### What to do
Examine the listing below and state how many of its lines contain the word "paths". Write only the number.
━━━━━ Data section
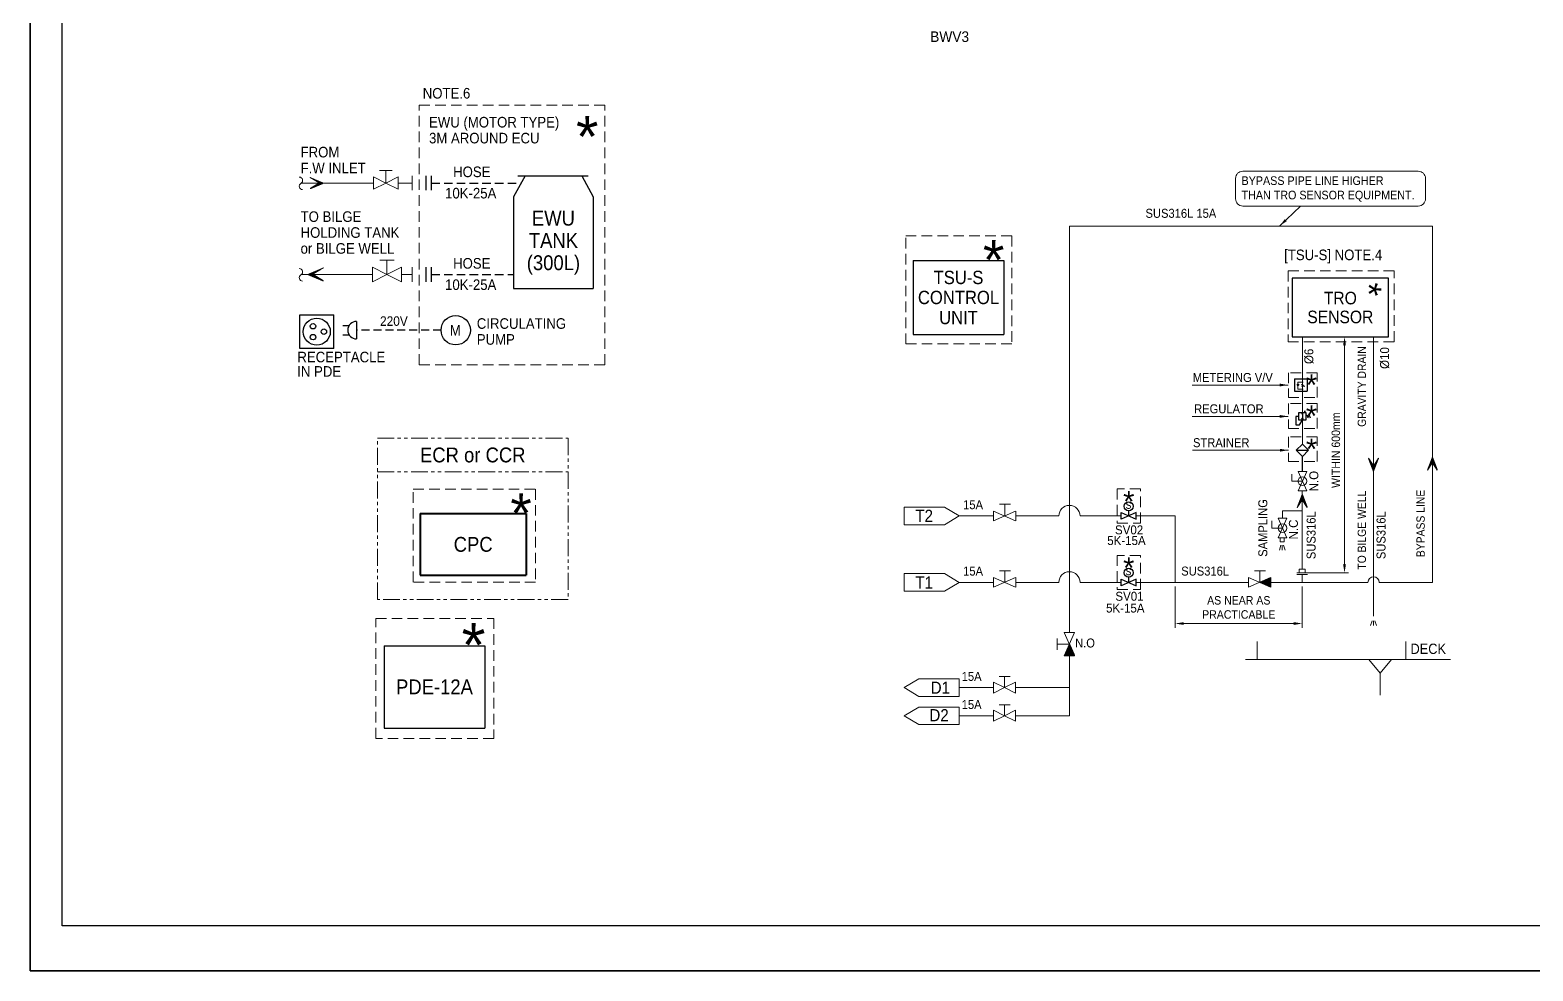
# Model space of a CAD drawing. Extents: x -553847 to 4496999, y 514150 to 878882.
# Drawn here: x 4364381 to 4399829, y 773562 to 795753 of the extents above; entities that cross this region are included whole.
import ezdxf

# ---------------------------------------------------------------- set-up
doc = ezdxf.new("R2010")
doc.units = 0
doc.header["$LTSCALE"] = 25
doc.header["$MEASUREMENT"] = 0
doc.header["$PDMODE"] = 3
doc.header["$PDSIZE"] = -7
for name, pattern in [('_DASH', [0.6, 0.4, -0.2]), ('ACAD_ISO03W100', [30, 12, -18]), ('DASHED', [0.75, 0.5, -0.25]), ('DASHED2', [0.375, 0.25, -0.125]), ('HIDDEN', [0.375, 0.25, -0.125]), ('PHANTOM2', [31.75, 15.875, -3.175, 3.175, -3.175, 3.175, -3.175])]:
    doc.linetypes.add(name, pattern=pattern)
doc.layers.get('0').update_dxf_attribs({"linetype": 'CONTINUOUS', "lineweight": 9})
doc.layers.get('DEFPOINTS').update_dxf_attribs({"linetype": 'CONTINUOUS'})
doc.layers.add('0.1 Defpoints', color=7, linetype='CONTINUOUS', plot=False)
doc.layers.add('0.2 Dwg sheet', color=7, linetype='CONTINUOUS')
doc.layers.add('0.3 Text', color=7, linetype='CONTINUOUS')
for name, color, linetype, lineweight in [('0.4 Maker scope box', 3, 'HIDDEN', 9), ('0.5 Dim', 1, 'CONTINUOUS', 9), ('1.1 Y_Pipe', 7, 'CONTINUOUS', 13), ('1.5 M_Equip', 4, 'CONTINUOUS', 30), ('1.6 M_Cable', 2, 'CONTINUOUS', 25), ('1.9 Arrow', 1, 'CONTINUOUS', 9)]:
    doc.layers.add(name, color=color, linetype=linetype, lineweight=lineweight)
doc.styles.add('ARIAL', font='arial.ttf')
doc.styles.get("Standard").update_dxf_attribs({"font": '', "width": 0.95, "height": 250})
doc.styles.get('Standard').set_extended_font_data('Gulim')
doc.dimstyles.new('TC50', dxfattribs={"dimtxt": 250, "dimasz": 200, "dimexe": 100, "dimexo": 100, "dimgap": 100, "dimtad": 1, "dimtoh": 1, "dimdec": 0, "dimrnd": 0.0005, "dimzin": 9, "dimdsep": 46, "dimtxsty": 'Standard', "dimcen": -3.5, "dimclrd": 1, "dimclre": 1, "dimazin": 2, "dimtfac": 0.6, "dimtdec": 0, "dimtmove": 0, "dimatfit": 3, "dimfxl": 4, "dimtolj": 1, "dimlwd": 15, "dimlwe": 15, "dimarcsym": 0})
pattern_1 = [(13.885806738, (4366117.364324, 738526.899387), (-0.00395095011, 0.015982025189), [])]

# ---------------------------------------------------------------- blocks, each defined once
blk = doc.blocks.new('양식 51-Q-02-08')
at = {"layer": '0.1 Defpoints'}
blk.add_lwpolyline([(-2677005, 1033560), (-2613196, 1033560), (-2613196, 988132), (-2677005, 988132)], close=True, dxfattribs=at)
at = {"layer": '0.2 Dwg sheet'}
blk.add_lwpolyline([(-2613953, 989196), (-2676245, 989196), (-2676245, 1032800), (-2613953, 1032800)], close=True, dxfattribs=at)
blk = doc.blocks.new('*D210')
at = {"color": 1, "linetype": 'ByBlock', "lineweight": 15, "ltscale": 30, "transparency": 16777216}
for p, q in [((4391393, 782627), (4391393, 781656)), ((4394388, 782627), (4394388, 781656)), ((4394188, 781756), (4391593, 781756))]:
    blk.add_line(p, q, dxfattribs=at)
at = {"color": 1, "linetype": 'Continuous', "ltscale": 30, "transparency": 16777216}
for points in [[(4391593, 781789), (4391593, 781723), (4391393, 781756)], [(4394188, 781789), (4394188, 781723), (4394388, 781756)]]:
    blk.add_solid(points, dxfattribs=at)
at = {"layer": 'DEFPOINTS', "color": 0, "linetype": 'Continuous', "ltscale": 30, "transparency": 16777216}
for p in [(4391393, 782727), (4394388, 782727), (4391393, 781756)]:
    blk.add_point(p, dxfattribs=at)
at = {"color": 0, "linetype": 'Continuous', "ltscale": 30, "transparency": 16777216, "insert": (4392890, 782135), "char_height": 250, "attachment_point": 5}
blk.add_mtext('\\A1;{\\H0.8x;AS NEAR AS  \\PPRACTICABLE}', dxfattribs=at)
blk = doc.blocks.new('*D211')
at = {"color": 1, "linetype": 'ByBlock', "lineweight": 15, "ltscale": 30, "transparency": 16777216}
for p, q in [((4395485, 788514), (4395485, 788514)), ((4395385, 783150), (4395385, 788314))]:
    blk.add_line(p, q, dxfattribs=at)
at = {"color": 1, "linetype": 'Continuous', "ltscale": 30, "transparency": 16777216}
for points in [[(4395351, 788314), (4395418, 788314), (4395385, 788514)], [(4395351, 783150), (4395418, 783150), (4395385, 782950)]]:
    blk.add_solid(points, dxfattribs=at)
at = {"layer": 'DEFPOINTS', "color": 0, "linetype": 'Continuous', "ltscale": 30, "transparency": 16777216}
for p in [(4395385, 788514), (4395385, 788514), (4395385, 782950)]:
    blk.add_point(p, dxfattribs=at)
at = {"color": 0, "linetype": 'Continuous', "ltscale": 30, "transparency": 16777216, "insert": (4395181, 785843), "char_height": 250, "attachment_point": 5, "rotation": 90}
blk.add_mtext('\\A1;{\\H0.8x;WITHIN 600mm}', dxfattribs=at)

msp = doc.modelspace()

# ---------------------------------------------------------------- hatches: boundary and pattern name
at = {"layer": '0.5 Dim'}
h = msp.add_hatch(dxfattribs=at)
h.set_pattern_fill('ANSI31', color=256, scale=0.005185, angle=328.88581)
h.set_pattern_definition(pattern_1)
h.paths.add_polyline_path([(4394412, 787357.4), (4394438.9, 787347.5), (4394414.8, 787362.1)])
h = msp.add_hatch(dxfattribs=at)
h.set_pattern_fill('ANSI31', color=256, scale=0.005185, angle=328.88581)
h.set_pattern_definition(pattern_1)
h.paths.add_polyline_path([(4394417.6, 787366.7), (4394438.9, 787347.5), (4394414.8, 787362.1)])
at = {"layer": '0.5 Dim', "linetype": 'Continuous', "ltscale": 30}
h = msp.add_hatch(dxfattribs=at)
h.set_pattern_fill('ANSI31', color=256, angle=90)
h.set_pattern_definition([(135, (4381915.17488, 2232138.68326), (-0.088388347648, -0.088388347648), [])])
h.paths.add_polyline_path([(4395952.3, 785652.6), (4396069.6, 785471.3), (4396186.9, 785652.6), (4396069.6, 785345.7)])
h = msp.add_hatch(dxfattribs=at)
h.set_pattern_fill('ANSI31', color=256, angle=90)
h.set_pattern_definition([(135, (4383301.96936, 2232472.39643), (-0.088388347648, -0.088388347648), [])])
h.paths.add_polyline_path([(4397339.1, 785372.4), (4397456.4, 785553.7), (4397573.7, 785372.4), (4397456.4, 785679.4)])
h = msp.add_hatch(dxfattribs=at)
h.set_pattern_fill('ANSI31', color=256, angle=90)
h.set_pattern_definition([(135, (4380233.16393, 2231593.47041), (-0.088388347648, -0.088388347648), [])])
h.paths.add_polyline_path([(4394270.3, 784493.5), (4394387.6, 784674.8), (4394504.9, 784493.5), (4394387.6, 784800.5)])
at = {"layer": '1.1 Y_Pipe'}
msp.add_hatch(color=256, dxfattribs=at).paths.add_polyline_path([(4393386.5, 782727.1), (4393647.2, 782842.9), (4393647.2, 782611.4)])
h = msp.add_hatch(dxfattribs=at)
h.set_pattern_fill('ANSI31', color=256, scale=0.88616, angle=90)
h.set_pattern_definition([(135, (4725684.18578, 658428.38194), (-0.078326218152, -0.078326218152), [])])
h.paths.add_polyline_path([(4388896.8, 781270.5), (4389019.5, 780996.5), (4388775.8, 780995.7)])
at = {"layer": '1.5 M_Equip'}
h = msp.add_hatch(color=256, dxfattribs=at)
h.paths.add_polyline_path([(4394391.5, 786732.1), (4394401.9, 786694.6), (4394380.9, 786694.6)])
h.paths.add_polyline_path([(4394380.8, 786588), (4394401.8, 786587.9), (4394391.3, 786550.5)])
at = {"layer": '1.9 Arrow'}
h = msp.add_hatch(dxfattribs=at)
h.set_pattern_fill('ANSI31', color=1, scale=0.459104, angle=-180, style=0)
h.set_pattern_definition([(225, (4695849.47435, 1185907.540465), (0.0405794473345, -0.0405794473345), [])])
h.paths.add_polyline_path([(4370988.3, 792273.9), (4371202.4, 792144), (4370988.3, 792014.1), (4371299.8, 792144)])
h = msp.add_hatch(dxfattribs=at)
h.set_pattern_fill('ANSI31', color=1, scale=0.542545, style=0)
h.set_pattern_definition([(315, (3987397.6862, 1255319.22534), (-0.0479546550996, -0.0479546550996), [])])
h.paths.add_polyline_path([(4371301.6, 790143.7), (4371048.5, 789990.2), (4371301.6, 789836.7), (4370933.5, 789990.2)])

# ---------------------------------------------------------------- linework, layer by layer
at = {"color": 1, "linetype": 'Continuous', "lineweight": 15, "ltscale": 30}
for p, q in [((4394391.5, 788514.2), (4395484.7, 788514.2)), ((4394387.6, 782949.6), (4395480.8, 782949.6))]:
    msp.add_line(p, q, dxfattribs=at)
at = {"layer": '0.1 Defpoints', "color": 4, "linetype": 'ByBlock'}
msp.add_lwpolyline([(4364381.2, 773562.1), (4428190.1, 773562.1), (4428190.1, 818990), (4364381.2, 818990)], close=True, dxfattribs=at)
at = {"layer": '0.3 Text'}
for p, q in [((4394205.9, 787528.1, 0), (4394205.9, 787234.1, 0)), ((4394205.9, 787528.1, 0), (4394500, 787528.1, 0)), ((4394500, 787528.1, 0), (4394500, 787234.1, 0)), ((4394205.9, 787234.1, 0), (4394500, 787234.1, 0)), ((4394244.8, 785843.1), (4394391.5, 785989.8)), ((4394538.1, 785843.1), (4394391.5, 785989.8)), ((4394391.5, 785696.4), (4394244.8, 785843.1)), ((4394391.5, 785696.4), (4394538.1, 785843.1))]:
    msp.add_line(p, q, dxfattribs=at)
at = {"layer": '0.3 Text', "linetype": 'ACAD_ISO03W100'}
msp.add_line((4394244.8, 785843.1), (4394538.1, 785843.1), dxfattribs=at)
at = {"layer": '0.4 Maker scope box', "linetype": 'DASHED', "lineweight": 15, "ltscale": 20}
msp.add_line((4377934.9, 787857.5), (4377934.9, 793978.5), dxfattribs=at)
msp.add_lwpolyline([(4377934.9, 787857.5), (4373560.3, 787857.5), (4373560.3, 793978.5), (4377934.9, 793978.5)], dxfattribs=at)
at = {"layer": '0.4 Maker scope box', "linetype": 'DASHED', "lineweight": 15, "ltscale": 20, "elevation": 0}
for points in [[(4385034.1, 790898.3), (4387536.1, 790898.3), (4387536.1, 788349.5), (4385034.1, 788349.5)], [(4394060.7, 787087.3), (4394739.1, 787087.3), (4394739.1, 787672.4), (4394060.7, 787672.4)], [(4394060.7, 786356.9), (4394739.1, 786356.9), (4394739.1, 786942), (4394060.7, 786942)], [(4394060.7, 785575.4), (4394739.1, 785575.4), (4394739.1, 786160.6), (4394060.7, 786160.6)], [(4390573.2, 784930.3), (4390020.9, 784930.3), (4390020.9, 784126.2), (4390573.2, 784126.2)], [(4390573.2, 783364.3), (4390020.9, 783364.3), (4390020.9, 782560.1), (4390573.2, 782560.1)]]:
    msp.add_lwpolyline(points, close=True, dxfattribs=at)
at = {"layer": '0.4 Maker scope box', "linetype": 'DASHED', "lineweight": 15, "ltscale": 20}
for points in [[(4394051.7, 788400.5), (4396557.3, 788400.5), (4396557.3, 790072.8), (4394051.7, 790072.8)], [(4376304.4, 782730.1), (4373420.8, 782730.1), (4373420.8, 784926.1), (4376304.4, 784926.1)], [(4372536.1, 781878.1), (4375316.1, 781878.1), (4375316.1, 779046.1), (4372536.1, 779046.1)]]:
    msp.add_lwpolyline(points, close=True, dxfattribs=at)
at = {"layer": '0.5 Dim'}
for p, q in [((4394285.9, 787358.9, 0), (4394260.7, 787393.4, 0)), ((4394391.5, 787447.6, 0), (4394285.9, 787447.6, 0)), ((4394285.9, 787447.6, 0), (4394285.9, 787403.8, 0)), ((4394285.9, 787358.9, 0), (4394311.2, 787393.4, 0)), ((4394285.9, 787358.9, 0), (4394285.9, 787285.1, 0)), ((4394367.2, 787390.7, 0), (4394414.8, 787362.1, 0)), ((4394391.5, 787528.1, 0), (4394391.5, 787234.1, 0)), ((4394412, 787357.4, 0), (4394414.8, 787362.1, 0)), ((4394417.6, 787366.7, 0), (4394414.8, 787362.1, 0)), ((4394391.5, 787285.1, 0), (4394285.9, 787285.1, 0))]:
    msp.add_line(p, q, dxfattribs=at)
at = {"layer": '0.5 Dim', "color": 3, "linetype": 'Continuous', "ltscale": 30}
msp.add_lwpolyline([(4392984.2, 792424.1), (4397125.4, 792424.1, -0.4142136), (4397295, 792254.5), (4397295, 791771.1, -0.4142136), (4397125.4, 791601.5), (4392984.2, 791601.5, -0.4142136), (4392814.6, 791771.1), (4392814.6, 792254.5, -0.4142136)], format="xyb", close=True, dxfattribs=at)
at = {"layer": '0.5 Dim', "linetype": 'Continuous', "ltscale": 30}
for points in [[(4395952.3, 785652.6), (4396069.6, 785345.7), (4396186.9, 785652.6), (4396069.6, 785471.3)], [(4397339.1, 785372.4), (4397456.4, 785679.4), (4397573.7, 785372.4), (4397456.4, 785553.7)], [(4394270.3, 784493.5), (4394387.6, 784800.5), (4394504.9, 784493.5), (4394387.6, 784674.8)]]:
    msp.add_lwpolyline(points, close=True, dxfattribs=at)
at = {"layer": '0.5 Dim'}
for centre, radius in [((4394285.9, 787387, 0), 16.8), ((4394391.5, 787447.6, 0), 8.99), ((4394391.5, 787285.1, 0), 8.99)]:
    msp.add_circle(centre, radius, dxfattribs=at)
for centre, start, end in [((4394335.6, 787374.1, 0), 328.03861, 31.96139), ((4394447.3, 787374.1, 0), 148.03861, 211.96139)]:
    msp.add_arc(centre, 51.3, start, end, dxfattribs=at)
at = {"layer": '1.1 Y_Pipe'}
for p, q in [((4372478.6, 791998), (4372478.6, 792292.3)), ((4372478.6, 792292.3), (4372772.9, 792145.1)), ((4372625.7, 792439.4), (4372920, 792439.4)), ((4372772.9, 792145.1), (4372772.9, 792439.4)), ((4372772.9, 792145.1), (4373067.2, 792292.3)), ((4373067.2, 791998), (4373067.2, 792292.3)), ((4373394.8, 791974.2), (4373394.8, 792316)), ((4372478.6, 792145.1), (4370778.6, 792145.1)), ((4372772.9, 792145.1), (4372478.6, 791998)), ((4372772.9, 792145.1), (4373067.2, 791998)), ((4372458.2, 789815.9), (4372458.2, 790157.6)), ((4372458.2, 790157.6), (4372799.9, 789986.7)), ((4372629, 790328.4), (4372970.7, 790328.4)), ((4372799.9, 789986.7), (4372799.9, 790328.4)), ((4372799.9, 789986.7), (4373141.6, 790157.6)), ((4373141.6, 789815.9), (4373141.6, 790157.6)), ((4373394.8, 789815.9), (4373394.8, 790157.6)), ((4372458.2, 789986.7), (4370781.1, 789986.7)), ((4372799.9, 789986.7), (4372458.2, 789815.9)), ((4372799.9, 789986.7), (4373141.6, 789815.9)), ((4394391.5, 787528.1, 0), (4394391.5, 788514.2)), ((4396069.6, 781930.7), (4396069.6, 788514.2)), ((4394391.5, 787234.1, 0), (4394391.5, 785989.8)), ((4394138.3, 785113.3), (4394138.3, 785282.7)), ((4394288.9, 784882.2), (4394494.1, 785344.4)), ((4394288.9, 785344.4), (4394494.1, 784882.2)), ((4394288.9, 785344.4), (4394494.1, 785344.4)), ((4394391.5, 785113.3), (4394138.3, 785113.3)), ((4394494.1, 784882.2), (4394288.9, 784882.2)), ((4394387.6, 784882.2), (4394387.6, 783038.2)), ((4384999.1, 784500.1), (4385950, 784500.1)), ((4384999.1, 784500.1), (4384999.1, 784086.3)), ((4386292.9, 784293.2), (4385950, 784500.1)), ((4387506, 784567.8), (4387245.3, 784567.8)), ((4387371, 784293.2), (4387371, 784567.8)), ((4386292.9, 784293.2), (4385950, 784086.3)), ((4386292.9, 784293.2), (4387105.6, 784293.2)), ((4387105.6, 784409), (4387105.6, 784177.5)), ((4387105.6, 784177.5), (4387627, 784409)), ((4387627, 784177.5), (4387105.6, 784409)), ((4387361.6, 784295.3), (4387380.3, 784295.3)), ((4387631.7, 784409), (4387631.7, 784177.5)), ((4387631.7, 784293.2), (4388646.8, 784293.2)), ((4389146.8, 784293.2), (4390118.1, 784293.2)), ((4390470.8, 784293.2), (4391393.1, 784293.2)), ((4391393.1, 782727.1), (4391393.1, 784293.2)), ((4393668.5, 784006.3, 0), (4393668.5, 784175.7, 0)), ((4393819.1, 783775.2, 0), (4394024.3, 784237.4, 0)), ((4393819.1, 784237.4, 0), (4394024.3, 783775.2, 0)), ((4393819.1, 784237.4, 0), (4394024.3, 784237.4, 0)), ((4393921.7, 784237.4, 0), (4393921.7, 784411.2, 0)), ((4393921.7, 784411.2, 0), (4394387.6, 784411.2)), ((4384999.1, 784086.3), (4385950, 784086.3)), ((4393921.7, 784006.3, 0), (4393668.5, 784006.3, 0)), ((4394024.3, 783775.2, 0), (4393819.1, 783775.2, 0)), ((4393884.3, 783601.6, 0), (4393848.9, 783486.8, 0)), ((4393915.4, 783601.6, 0), (4393915.4, 783486.8, 0)), ((4393946.5, 783601.6, 0), (4393981.9, 783486.8, 0)), ((4394316.9, 782949.6), (4394316.9, 783038.2)), ((4394458.3, 783038.2), (4394316.9, 783038.2)), ((4394458.3, 782949.6), (4394458.3, 783038.2)), ((4384999.1, 782934), (4385950, 782934)), ((4384999.1, 782934), (4384999.1, 782520.2)), ((4386292.9, 782727.1), (4385950, 782934)), ((4386292.9, 782727.1), (4385950, 782520.2)), ((4386292.9, 782727.1), (4387105.6, 782727.1)), ((4387105.6, 782842.9), (4387105.6, 782611.4)), ((4387105.6, 782611.4), (4387627, 782842.9)), ((4387627, 782611.4), (4387105.6, 782842.9)), ((4387506, 783001.7), (4387245.3, 783001.7)), ((4387361.6, 782729.2), (4387380.3, 782729.2)), ((4387371, 782727.1), (4387371, 783001.7)), ((4387631.7, 782842.9), (4387631.7, 782611.4)), ((4387631.7, 782727.1), (4388646.8, 782727.1)), ((4389146.8, 782727.1), (4390118.1, 782727.1)), ((4390470.8, 782727.1), (4393121.1, 782727.1)), ((4393121.1, 782842.9), (4393121.1, 782611.4)), ((4393121.1, 782611.4), (4393642.5, 782842.9)), ((4393642.5, 782611.4), (4393121.1, 782842.9)), ((4393521.5, 783001.7), (4393260.8, 783001.7)), ((4393377.2, 782729.2), (4393395.8, 782729.2)), ((4393386.5, 782727.1), (4393386.5, 783001.7)), ((4393647.2, 782842.9), (4393647.2, 782611.4)), ((4395936.6, 782727.1), (4393647.2, 782727.1)), ((4394511.7, 782949.6), (4394263.5, 782949.6)), ((4394511.7, 782909.4), (4394263.5, 782909.4)), ((4394387.6, 782909.4), (4394387.6, 782727.1)), ((4384999.1, 782520.2), (4385950, 782520.2)), ((4396038.3, 781815.8), (4395997, 781711.6)), ((4396069.6, 781816.2), (4396069.6, 781706.5)), ((4396100.9, 781815.8), (4396142.2, 781711.6)), ((4388607.2, 781406.8), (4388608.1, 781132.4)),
━━━━━━━━━━
### Task answer
11